See also the previous post: What can a writer assume in a proof?.

A: It depends on the context. My masters thesis, for example, began with saying that I expect the reader to be familiar with forcing. I am not expecting the reader to be familiar with other topics which are relatively common, though. These topics are fully explained in my thesis.
When writing something one can usually foresee who is going to read the text, and what the readers are expecting to see written.
Over-detailed writing is very hard to read; but under-detailed writing is very hard to understand. It takes time and experience to find the balance. Consult an advisor or referee regarding your actual text.
This may also be affected by where you are sending the text.

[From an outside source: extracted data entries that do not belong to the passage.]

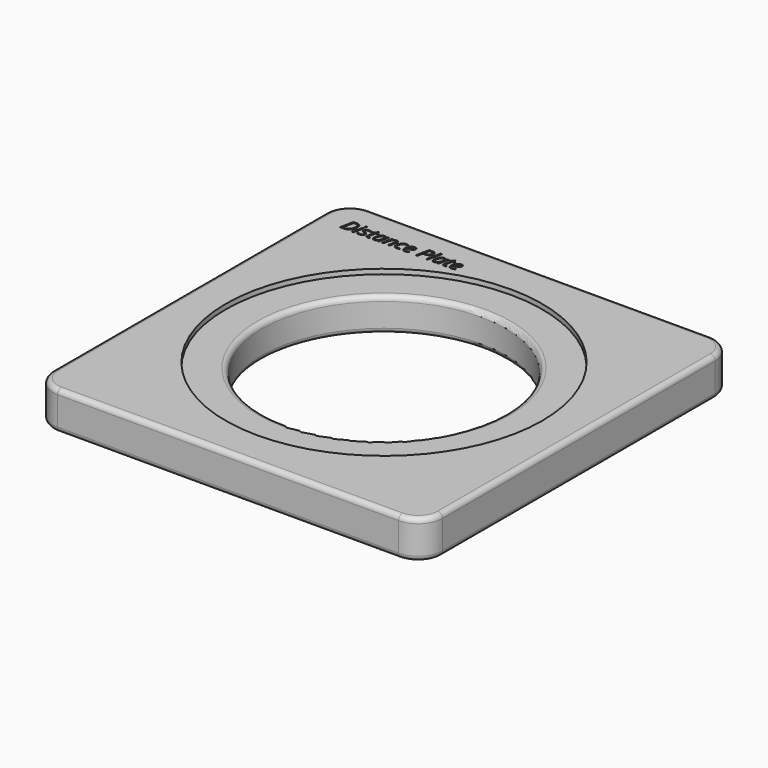
from build123d import *

# Parameters (mm, degrees)
F0_W         = 80
F0_H         = 80
F1_DEPTH     = 3.925
F2_R         = 32.5
F3_DEPTH     = 1
F4_R         = 25
F5_DEPTH     = 25
F6_R         = 5
F7_R         = 1
F8_TEXT_SIZE = 3.8781976277
F9_DEPTH     = 0.5


# Not quite as in the source:
# - Text() gives the source's letters only with a copy of the font that has no kerning and outlines rounded to 1/6400 em; it was checked with that copy


with BuildPart() as f1:
    # F0 (on Top) → F1 (new body, symmetric)
    with BuildSketch(Plane.XY):
        with Locations((-1.8626e-06, 0)):
            Rectangle(F0_W, F0_H)
    extrude(amount=F1_DEPTH, both=True)

    # F2 (on face) → F3 (cut)
    with BuildSketch(Plane.XY.offset(3.925)):
        Circle(F2_R)
    extrude(amount=-F3_DEPTH, mode=Mode.SUBTRACT)

    # F4 (on face) → F5 (cut)
    with BuildSketch(Plane.XY.offset(2.925)):
        Circle(F4_R)
    extrude(amount=-F5_DEPTH, mode=Mode.SUBTRACT)

    # F6
    f6_edges = [f1.edges().sort_by_distance(p)[0] for p in [
        (39.999998, -40, 0),
        (39.999998, 40, 0),
        (-40.000002, -40, 0),
        (-40.000002, 40, 0),
    ]]
    fillet(f6_edges, radius=F6_R)

    # F7
    f7_edges = [f1.edges().sort_by_distance(p)[0] for p in [
        (-2e-06, 40, 3.925),
        (-25, 0, 2.925),
        (-25, 0, -3.925),
        (-2e-06, -40, -3.925),
    ]]
    fillet(f7_edges, radius=F7_R)

    # F8 (on face) → F9 (cut)
    with BuildSketch(Plane.XY.offset(3.925)):
        with Locations((-35.0000018626, 32.2076977081)):
            Text('Distance Plate', F8_TEXT_SIZE, font='Open Sans', font_style=FontStyle.ITALIC, text_align=(TextAlign.LEFT, TextAlign.BOTTOM))
    extrude(amount=-F9_DEPTH, mode=Mode.SUBTRACT)


solid = f1.part

When writing a very short article (say 3-4 pages) it's fine to just quote results, but when writing a book it's expected to prove them as well.
A: With all proofs (in whatever format), you must first identify your intended audience. That will allow you to decide what you can / cannot assume, and how to include in the right amount of detail.
Are they students in your field that are interested in understanding the buildup of the theory? Are they 'professionals' in related fields who believe in the truth of your statements and only want to understand implications of your results? Are they high schoolers who want to know why quintics can't be 'solved' and only know the basics of group theory?
Having additional proofs is preferable. You can helps others along by labeling them as Theorem 1, Proof (or even placed in the Appendix), so if readers are familiar, they can skip it.